Ellara, gadis 17 tahun yang ceria dan penuh impian, hidup dalam keluarga yang retak. Perselingkuhan ayahnya seperti bom yang meledakkan kehidupan mereka. Ibunya, yang selama ini menjadi pendamping setia, terkena gangguan mental karena pengkhianatan sang suami bertahun tahun dan memerlukan perawatan.
Ellara merasa kesepian, sakit, dan kehilangan arah. Dia berubah menjadi gadis nakal, mencari perhatian dengan cara-cara tidak konvensional: membolos sekolah, berdebat dengan guru, dan melakukan aksi protes juga suka keluyuran balap liar. Namun, di balik kesan bebasnya, dia menyembunyikan luka yang terus membara.
Dia kuat, dia tegar, dia tidak punya beban sama sekali. itu yang orang pikirkan tentangnya. Namun tidak ada yang tahu luka Ellara sedalam apa, karena gadis cantik itu sangat pandai menyembunyikan luka.
Akankah Ellara menemukan kekuatan untuk menghadapi kenyataan? Akankah dia menemukan jalan keluar dari kesakitan dan kehilangan?
follow ig: h_berkarya
Karya ini diterbitkan atas izin NovelToon HaluBerkarya, isi konten hanyalah pandangan pribadi pembuatnya, tidak mewakili NovelToon sendiri
Melody pingsan
“Selamat pagi Bu Rina..” sapa Ellara tersenyum kikuk.
“Sudah jam berapa ini cantik?” tanya Bu Rina dengan mata melotot tajam ke arah Ellara.
“Jam tujuh lewat sepuluh menit ibu Rina...” jawabnya dengan suara pelan.
“Tujuh lebih sepuluh menit ya? Menurut Ellara, kamu terlambat atau enggak?” suara Bu Rina terdengar lembut di buat buat. Hal seperti itu saja tapi terkesan lebih menyeramkan di mata Ellara. Dia lebih baik menghadapi guru itu dengan teriak teriaknya dari pada seperti ini.
“Ellara terlambat Bu, heheh” dia menyengir dengan kedua tangannya dia buat terkepal di depan rok seragamnya.
“KETAWA LAGI MONCONGMU ITU!!! SEKARANG KE LAPANGAN, BERDIRI DI SANA MENGHORMATI TIANG BENDERA SAMPAI JAM ISTIRAHAT!!!” Ellara menutup telinganya dengan cepat. Dia berlari kecil meninggalkan ibu Rina yang masih terdengar ngomel ngomel dari belakangnya. Dapat di pastikan, suaranya mungkin terdengar hampir ke semua ruangan.
“aku tarik kata kataku, aku tidak ingin mendengar Ibu Rina yang marah marah, karena bisa membuat gendang telinga orang orang yang mendengarnya bisa pecah. Kalau aku tuli, kasian kecantikanku ini..” Dengus Ellara sembari mengelus dada.

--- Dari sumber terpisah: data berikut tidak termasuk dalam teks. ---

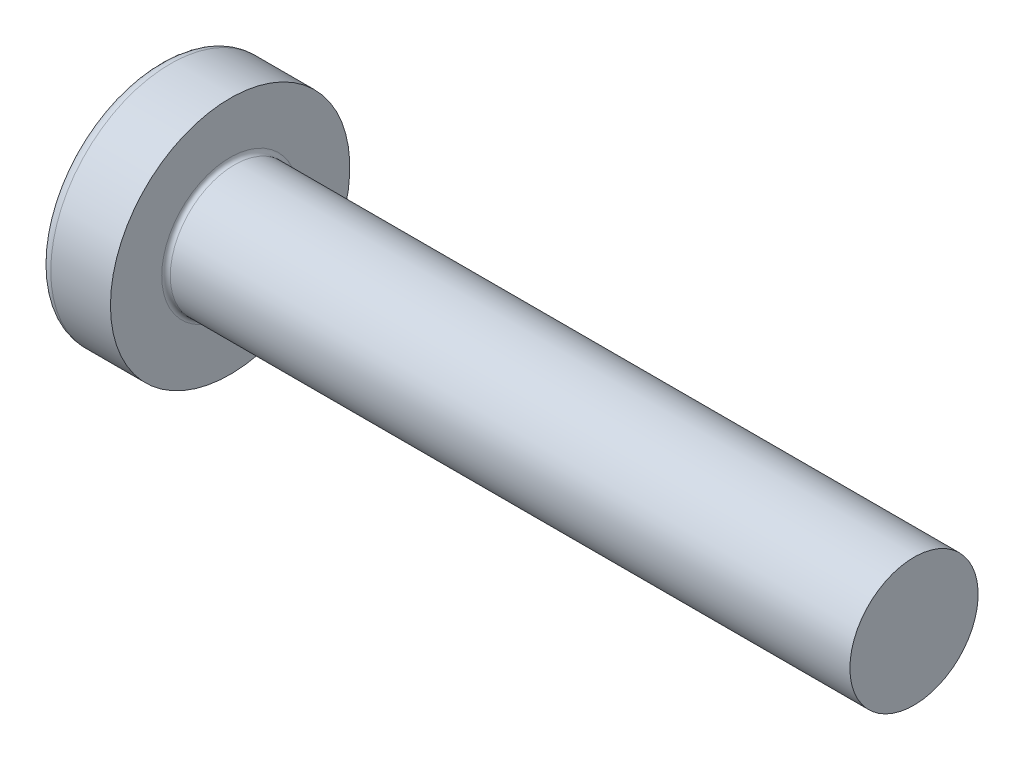
ISO-10303-21;
HEADER;
FILE_DESCRIPTION(('STEP AP214'),'2;1');
FILE_NAME('part.step','',(''),(''),'','','');
FILE_SCHEMA(('AUTOMOTIVE_DESIGN { 1 0 10303 214 1 1 1 1 }'));
ENDSEC;
DATA;
#1=APPLICATION_CONTEXT('core data for automotive mechanical design processes');
#2=APPLICATION_PROTOCOL_DEFINITION('international standard','automotive_design',2000,#1);
#3=PRODUCT_CONTEXT('',#1,'mechanical');
#4=PRODUCT('Part','Part','',(#3));
#5=PRODUCT_RELATED_PRODUCT_CATEGORY('part','',(#4));
#6=PRODUCT_DEFINITION_FORMATION('','',#4);
#7=PRODUCT_DEFINITION_CONTEXT('part definition',#1,'design');
#8=PRODUCT_DEFINITION('design','',#6,#7);
#9=PRODUCT_DEFINITION_SHAPE('','',#8);
#10=(LENGTH_UNIT() NAMED_UNIT(*) SI_UNIT(.MILLI.,.METRE.));
#11=(NAMED_UNIT(*) PLANE_ANGLE_UNIT() SI_UNIT($,.RADIAN.));
#12=(NAMED_UNIT(*) SI_UNIT($,.STERADIAN.) SOLID_ANGLE_UNIT());
#13=UNCERTAINTY_MEASURE_WITH_UNIT(LENGTH_MEASURE(1.E-05),#10,'distance_accuracy_value','');
#14=(GEOMETRIC_REPRESENTATION_CONTEXT(3) GLOBAL_UNCERTAINTY_ASSIGNED_CONTEXT((#13)) GLOBAL_UNIT_ASSIGNED_CONTEXT((#10,
#11,#12)) REPRESENTATION_CONTEXT('',''));
#15=CARTESIAN_POINT('',(0.,0.,0.));
#16=DIRECTION('',(0.,0.,1.));
#17=DIRECTION('',(1.,0.,0.));
#18=AXIS2_PLACEMENT_3D('',#15,#16,#17);
#19=CARTESIAN_POINT('',(5.,0.,0.));
#20=DIRECTION('',(-1.,0.,0.));
#21=DIRECTION('',(0.,1.,0.));
#22=AXIS2_PLACEMENT_3D('',#19,#20,#21);
#23=SPHERICAL_SURFACE('',#22,5.);
#24=CARTESIAN_POINT('',(0.775371598933733,0.,0.));
#25=DIRECTION('',(-1.,0.,0.));
#26=DIRECTION('',(0.,0.,1.));
#27=AXIS2_PLACEMENT_3D('',#24,#25,#26);
#28=CIRCLE('',#27,2.67441860465116);
#29=CARTESIAN_POINT('',(0.775371598933733,0.,2.67441860465116));
#30=VERTEX_POINT('',#29);
#31=EDGE_CURVE('E238',#30,#30,#28,.T.);
#32=ORIENTED_EDGE('',*,*,#31,.T.);
#33=EDGE_LOOP('',(#32));
#34=FACE_BOUND('',#33,.T.);
#35=CARTESIAN_POINT('',(0.0457951200896417,0.,0.));
#36=DIRECTION('',(1.,0.,0.));
#37=DIRECTION('',(0.,0.,-1.));
#38=AXIS2_PLACEMENT_3D('',#35,#36,#37);
#39=CIRCLE('',#38,0.675169614150692);
#40=CARTESIAN_POINT('',(0.0457951200896426,-0.369999999999998,-0.564760133040918));
#41=VERTEX_POINT('',#40);
#42=CARTESIAN_POINT('',(0.0457951200896417,-0.564760133040915,-0.37));
#43=VERTEX_POINT('',#42);
#44=EDGE_CURVE('E374',#41,#43,#39,.F.);
#45=ORIENTED_EDGE('',*,*,#44,.F.);
#46=CARTESIAN_POINT('',(5.,-0.37,0.));
#47=DIRECTION('',(0.,1.,0.));
#48=DIRECTION('',(0.,0.,1.));
#49=AXIS2_PLACEMENT_3D('',#46,#47,#48);
#50=CIRCLE('',#49,4.98629120689917);
#51=CARTESIAN_POINT('',(0.187869734228639,-0.369999999999995,-1.30633162146802));
#52=VERTEX_POINT('',#51);
#53=EDGE_CURVE('E300',#52,#41,#50,.T.);
#54=ORIENTED_EDGE('',*,*,#53,.F.);
#55=CARTESIAN_POINT('',(4.56358262530798,0.,0.875317983305919));
#56=DIRECTION('',(0.446197753347436,0.,-0.894934391398443));
#57=DIRECTION('',(-0.894934391398443,0.,-0.446197753347436));
#58=AXIS2_PLACEMENT_3D('',#55,#56,#57);
#59=CIRCLE('',#58,4.90340272700175);
#60=CARTESIAN_POINT('',(0.18786973422864,0.370000000000005,-1.30633162146802));
#61=VERTEX_POINT('',#60);
#62=EDGE_CURVE('E272',#52,#61,#59,.T.);
#63=ORIENTED_EDGE('',*,*,#62,.T.);
#64=CARTESIAN_POINT('',(5.,0.37,0.));
#65=DIRECTION('',(0.,-1.,0.));
#66=DIRECTION('',(0.,0.,-1.));
#67=AXIS2_PLACEMENT_3D('',#64,#65,#66);
#68=CIRCLE('',#67,4.98629120689917);
#69=CARTESIAN_POINT('',(0.0457951200896425,0.370000000000002,-0.564760133040916));
#70=VERTEX_POINT('',#69);
#71=EDGE_CURVE('E327',#70,#61,#68,.T.);
#72=ORIENTED_EDGE('',*,*,#71,.F.);
#73=CARTESIAN_POINT('',(0.0457951200896417,0.564760133040916,-0.37));
#74=VERTEX_POINT('',#73);
#75=EDGE_CURVE('E393',#74,#70,#39,.F.);
#76=ORIENTED_EDGE('',*,*,#75,.F.);
#77=CARTESIAN_POINT('',(5.,0.,-0.37));
#78=DIRECTION('',(0.,0.,1.));
#79=DIRECTION('',(1.,0.,0.));
#80=AXIS2_PLACEMENT_3D('',#77,#78,#79);
#81=CIRCLE('',#80,4.98629120689917);
#82=CARTESIAN_POINT('',(0.18786973422864,1.30633162146802,-0.37));
#83=VERTEX_POINT('',#82);
#84=EDGE_CURVE('E266',#83,#74,#81,.T.);
#85=ORIENTED_EDGE('',*,*,#84,.F.);
#86=CARTESIAN_POINT('',(4.56358262530798,-0.87531798330592,0.));
#87=DIRECTION('',(0.446197753347436,0.894934391398443,0.));
#88=DIRECTION('',(-0.894934391398442,0.446197753347436,0.));
#89=AXIS2_PLACEMENT_3D('',#86,#87,#88);
#90=CIRCLE('',#89,4.90340272700175);
#91=CARTESIAN_POINT('',(0.18786973422864,1.30633162146802,0.37));
#92=VERTEX_POINT('',#91);
#93=EDGE_CURVE('E269',#83,#92,#90,.T.);
#94=ORIENTED_EDGE('',*,*,#93,.T.);
#95=CARTESIAN_POINT('',(5.,0.,0.37));
#96=DIRECTION('',(0.,0.,-1.));
#97=DIRECTION('',(0.,1.,0.));
#98=AXIS2_PLACEMENT_3D('',#95,#96,#97);
#99=CIRCLE('',#98,4.98629120689917);
#100=CARTESIAN_POINT('',(0.0457951200896417,0.564760133040916,0.37));
#101=VERTEX_POINT('',#100);
#102=EDGE_CURVE('E262',#101,#92,#99,.T.);
#103=ORIENTED_EDGE('',*,*,#102,.F.);
#104=CARTESIAN_POINT('',(0.0457951200896434,0.369999999999998,0.564760133040918));
#105=VERTEX_POINT('',#104);
#106=EDGE_CURVE('E392',#105,#101,#39,.F.);
#107=ORIENTED_EDGE('',*,*,#106,.F.);
#108=CARTESIAN_POINT('',(0.18786973422864,0.369999999999995,1.30633162146802));
#109=VERTEX_POINT('',#108);
#110=EDGE_CURVE('E282',#109,#105,#68,.T.);
#111=ORIENTED_EDGE('',*,*,#110,.F.);
#112=CARTESIAN_POINT('',(4.56358262530798,0.,-0.87531798330592));
#113=DIRECTION('',(0.446197753347436,0.,0.894934391398443));
#114=DIRECTION('',(0.894934391398442,0.,-0.446197753347436));
#115=AXIS2_PLACEMENT_3D('',#112,#113,#114);
#116=CIRCLE('',#115,4.90340272700175);
#117=CARTESIAN_POINT('',(0.18786973422864,-0.370000000000005,1.30633162146802));
#118=VERTEX_POINT('',#117);
#119=EDGE_CURVE('E49',#109,#118,#116,.T.);
#120=ORIENTED_EDGE('',*,*,#119,.T.);
#121=CARTESIAN_POINT('',(0.0457951200896421,-0.370000000000002,0.564760133040916));
#122=VERTEX_POINT('',#121);
#123=EDGE_CURVE('E279',#122,#118,#50,.T.);
#124=ORIENTED_EDGE('',*,*,#123,.F.);
#125=CARTESIAN_POINT('',(0.0457951200896417,-0.564760133040916,0.37));
#126=VERTEX_POINT('',#125);
#127=EDGE_CURVE('E432',#126,#122,#39,.F.);
#128=ORIENTED_EDGE('',*,*,#127,.F.);
#129=CARTESIAN_POINT('',(0.187869734228639,-1.30633162146802,0.37));
#130=VERTEX_POINT('',#129);
#131=EDGE_CURVE('E263',#130,#126,#99,.T.);
#132=ORIENTED_EDGE('',*,*,#131,.F.);
#133=CARTESIAN_POINT('',(4.56358262530798,0.875317983305919,0.));
#134=DIRECTION('',(0.446197753347436,-0.894934391398443,0.));
#135=DIRECTION('',(0.894934391398443,0.446197753347436,0.));
#136=AXIS2_PLACEMENT_3D('',#133,#134,#135);
#137=CIRCLE('',#136,4.90340272700175);
#138=CARTESIAN_POINT('',(0.18786973422864,-1.30633162146802,-0.37));
#139=VERTEX_POINT('',#138);
#140=EDGE_CURVE('E259',#130,#139,#137,.T.);
#141=ORIENTED_EDGE('',*,*,#140,.T.);
#142=EDGE_CURVE('E64',#43,#139,#81,.T.);
#143=ORIENTED_EDGE('',*,*,#142,.F.);
#144=EDGE_LOOP('',(#45,#54,#63,#72,#76,#85,#94,#103,#107,#111,#120,#124,#128,#132,#141,#143));
#145=FACE_BOUND('',#144,.T.);
#146=ADVANCED_FACE('F35',(#34,#145),#23,.T.);
#147=CARTESIAN_POINT('',(1.75,0.527482331818931,-0.37));
#148=DIRECTION('',(0.,0.,1.));
#149=DIRECTION('',(1.,0.,0.));
#150=AXIS2_PLACEMENT_3D('',#147,#148,#149);
#151=PLANE('',#150);
#152=ORIENTED_EDGE('',*,*,#84,.T.);
#153=CARTESIAN_POINT('',(-0.987293237053716,0.649401255967161,-0.37));
#154=CARTESIAN_POINT('',(-0.781914975317084,0.632865887002871,-0.37));
#155=CARTESIAN_POINT('',(-0.576547882393372,0.616188977635081,-0.37));
#156=CARTESIAN_POINT('',(-0.165841599226327,0.582441031964227,-0.37));
#157=CARTESIAN_POINT('',(0.0394975903090452,0.56536998705488,-0.37));
#158=CARTESIAN_POINT('',(0.450133475422572,0.530723441326535,-0.37));
#159=CARTESIAN_POINT('',(0.655430171010573,0.513147940624557,-0.37));
#160=CARTESIAN_POINT('',(1.06596140177934,0.477314957985794,-0.37));
#161=CARTESIAN_POINT('',(1.2711959378071,0.459057485806066,-0.37));
#162=CARTESIAN_POINT('',(1.61065292365626,0.428051938688768,-0.37));
#163=CARTESIAN_POINT('',(1.74490059995643,0.415580824990931,-0.37));
#164=CARTESIAN_POINT('',(2.01334321762763,0.390092023404979,-0.37));
#165=CARTESIAN_POINT('',(2.14753815934577,0.377074339177353,-0.37));
#166=CARTESIAN_POINT('',(2.41586354151957,0.350315629452843,-0.37));
#167=CARTESIAN_POINT('',(2.5499939784531,0.33657456817765,-0.37));
#168=CARTESIAN_POINT('',(2.81814173295471,0.308004077741875,-0.37));
#169=CARTESIAN_POINT('',(2.95215904765134,0.293174621747065,-0.37));
#170=CARTESIAN_POINT('',(3.0860955068368,0.277618485071816,-0.37));
#171=B_SPLINE_CURVE_WITH_KNOTS('',3,(#153,#154,#155,#156,#157,#158,#159,#160,#161,#162,#163,
#164,#165,#166,#167,#168,#169,#170),.UNSPECIFIED.,.F.,.F.,(4,2,2,2,2,2,2,2,4),(0.,
0.618128793984691,1.23627109812525,1.85441325887562,2.4725465791681,2.87702276218609,
3.28149623678161,3.68598973550942,4.09049321032311),.UNSPECIFIED.);
#172=CARTESIAN_POINT('',(1.75,0.415013252800437,-0.37));
#173=VERTEX_POINT('',#172);
#174=EDGE_CURVE('E416',#74,#173,#171,.T.);
#175=ORIENTED_EDGE('',*,*,#174,.T.);
#176=DIRECTION('',(0.,1.,0.));
#177=VECTOR('',#176,1.);
#178=CARTESIAN_POINT('',(1.75,-0.527482331818931,-0.37));
#179=LINE('',#178,#177);
#180=CARTESIAN_POINT('',(1.75,0.527482331818931,-0.37));
#181=VERTEX_POINT('',#180);
#182=EDGE_CURVE('E356',#173,#181,#179,.T.);
#183=ORIENTED_EDGE('',*,*,#182,.T.);
#184=DIRECTION('',(0.894934391398442,-0.446197753347436,0.));
#185=VECTOR('',#184,1.);
#186=CARTESIAN_POINT('',(0.,1.4,-0.37));
#187=LINE('',#186,#185);
#188=EDGE_CURVE('E239',#83,#181,#187,.T.);
#189=ORIENTED_EDGE('',*,*,#188,.F.);
#190=EDGE_LOOP('',(#152,#175,#183,#189));
#191=FACE_BOUND('',#190,.T.);
#192=ADVANCED_FACE('F194',(#191),#151,.T.);
#193=CARTESIAN_POINT('',(1.75,-0.527482331818931,-0.37));
#194=VERTEX_POINT('',#193);
#195=CARTESIAN_POINT('',(1.75,-0.415013252800437,-0.37));
#196=VERTEX_POINT('',#195);
#197=EDGE_CURVE('E247',#194,#196,#179,.T.);
#198=ORIENTED_EDGE('',*,*,#197,.T.);
#199=CARTESIAN_POINT('',(-0.987293237053716,-0.649401255967161,-0.37));
#200=CARTESIAN_POINT('',(-0.781914975317084,-0.632865887002871,-0.37));
#201=CARTESIAN_POINT('',(-0.576547882393372,-0.616188977635081,-0.37));
#202=CARTESIAN_POINT('',(-0.165841599226327,-0.582441031964227,-0.37));
#203=CARTESIAN_POINT('',(0.0394975903090452,-0.56536998705488,-0.37));
#204=CARTESIAN_POINT('',(0.450133475422572,-0.530723441326535,-0.37));
#205=CARTESIAN_POINT('',(0.655430171010573,-0.513147940624557,-0.37));
#206=CARTESIAN_POINT('',(1.06596140177934,-0.477314957985794,-0.37));
#207=CARTESIAN_POINT('',(1.2711959378071,-0.459057485806066,-0.37));
#208=CARTESIAN_POINT('',(1.61065292365626,-0.428051938688768,-0.37));
#209=CARTESIAN_POINT('',(1.74490059995643,-0.415580824990931,-0.37));
#210=CARTESIAN_POINT('',(2.01334321762763,-0.390092023404979,-0.37));
#211=CARTESIAN_POINT('',(2.14753815934577,-0.377074339177353,-0.37));
#212=CARTESIAN_POINT('',(2.41586354151957,-0.350315629452843,-0.37));
#213=CARTESIAN_POINT('',(2.5499939784531,-0.33657456817765,-0.37));
#214=CARTESIAN_POINT('',(2.81814173295471,-0.308004077741875,-0.37));
#215=CARTESIAN_POINT('',(2.95215904765134,-0.293174621747065,-0.37));
#216=CARTESIAN_POINT('',(3.0860955068368,-0.277618485071816,-0.37));
#217=B_SPLINE_CURVE_WITH_KNOTS('',3,(#199,#200,#201,#202,#203,#204,#205,#206,#207,#208,#209,
#210,#211,#212,#213,#214,#215,#216),.UNSPECIFIED.,.F.,.F.,(4,2,2,2,2,2,2,2,4),(0.,
0.618128793984691,1.23627109812525,1.85441325887562,2.4725465791681,2.87702276218609,
3.28149623678161,3.68598973550942,4.09049321032311),.UNSPECIFIED.);
#218=EDGE_CURVE('E391',#196,#43,#217,.F.);
#219=ORIENTED_EDGE('',*,*,#218,.T.);
#220=ORIENTED_EDGE('',*,*,#142,.T.);
#221=DIRECTION('',(0.894934391398442,0.446197753347436,0.));
#222=VECTOR('',#221,1.);
#223=CARTESIAN_POINT('',(0.,-1.4,-0.37));
#224=LINE('',#223,#222);
#225=EDGE_CURVE('E330',#139,#194,#224,.T.);
#226=ORIENTED_EDGE('',*,*,#225,.T.);
#227=EDGE_LOOP('',(#198,#219,#220,#226));
#228=FACE_BOUND('',#227,.T.);
#229=ADVANCED_FACE('F200',(#228),#151,.T.);
#230=CARTESIAN_POINT('',(1.75,-0.527482331818931,0.37));
#231=DIRECTION('',(0.,0.,-1.));
#232=DIRECTION('',(0.,1.,0.));
#233=AXIS2_PLACEMENT_3D('',#230,#231,#232);
#234=PLANE('',#233);
#235=DIRECTION('',(0.,-1.,0.));
#236=VECTOR('',#235,1.);
#237=CARTESIAN_POINT('',(1.75,0.527482331818931,0.37));
#238=LINE('',#237,#236);
#239=CARTESIAN_POINT('',(1.75,0.527482331818931,0.37));
#240=VERTEX_POINT('',#239);
#241=CARTESIAN_POINT('',(1.75,0.415013252800437,0.37));
#242=VERTEX_POINT('',#241);
#243=EDGE_CURVE('E339',#240,#242,#238,.T.);
#244=ORIENTED_EDGE('',*,*,#243,.T.);
#245=CARTESIAN_POINT('',(-0.987293237069635,0.649401255968442,0.37));
#246=CARTESIAN_POINT('',(-0.781914975331301,0.632865887004023,0.37));
#247=CARTESIAN_POINT('',(-0.576547882405888,0.616188977636102,0.37));
#248=CARTESIAN_POINT('',(-0.16584159923544,0.582441031964983,0.37));
#249=CARTESIAN_POINT('',(0.0394975903016338,0.5653699870555,0.37));
#250=CARTESIAN_POINT('',(0.450133475420601,0.530723441326706,0.37));
#251=CARTESIAN_POINT('',(0.655430171012341,0.513147940624409,0.37));
#252=CARTESIAN_POINT('',(1.06596140178858,0.477314957984981,0.37));
#253=CARTESIAN_POINT('',(1.27119593782008,0.459057485804908,0.37));
#254=CARTESIAN_POINT('',(1.61065292367297,0.428051938687225,0.37));
#255=CARTESIAN_POINT('',(1.74490059997313,0.415580824989367,0.37));
#256=CARTESIAN_POINT('',(2.01334321764434,0.39009202340337,0.37));
#257=CARTESIAN_POINT('',(2.14753815936247,0.377074339175718,0.37));
#258=CARTESIAN_POINT('',(2.41586354153627,0.350315629451146,0.37));
#259=CARTESIAN_POINT('',(2.54999397846979,0.336574568175918,0.37));
#260=CARTESIAN_POINT('',(2.8181417329714,0.308004077740054,0.37));
#261=CARTESIAN_POINT('',(2.95215904766802,0.29317462174519,0.37));
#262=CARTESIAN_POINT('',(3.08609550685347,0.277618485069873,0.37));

Dia kembali ke mode angkuh, berjalan ke lapangan.
“kamu terlambat juga?” perasaan Ellara tambah malas saat melihat Melody yang ternyata kena hukuman juga.
“iya kak.” Jawab Melody dengan suara pelan. Dia sudah duluan lima menit berdiri disana.
“kenapa kamu di hukum juga? kqmu kan anak baru di sekolah ini?” heran Ellara. Dia sebenarnya malas berbicara, dari ekspresinya aja terlihat jelas enggan sekali dia berbicara dengan gadis lugu di sampingnya. Kerjaannya hanya menunduk, mengangguk dan menjawab ‘iya kak’
“Aku terlambat tadi kak..”
Iya, Ellara tahu dia terlambat. tapi pertanyaannya kenapa sampai dia di hukum juga? padahal anak baru harusnya belum bisa di hukum dong. dan harusnya saat ini Melody di kenalkan pada teman teman kelasnya, bukan di hukum. Tapi Ellara tidak peduli tentang itu, dia yang sudah mulai malas hanya berujar singkat.
“ouh” balas Ellara singkat. Dia tidak bertanya lagi setelahnya. Hanya berdiri agak jauh dari Melody, kemudian mendongak melihat tiang bendera.
.
.
.
“Ada apa Gavin?” tanya Bu Diana yang saat ini tengah mengajar di kelas 12 IPA 2. Kelas di mana semua murid berisi siswa populer semua. Baik dari segi otak, visual dan bakat, mereka di kelas 12 IPA 2 adalah bintangnya.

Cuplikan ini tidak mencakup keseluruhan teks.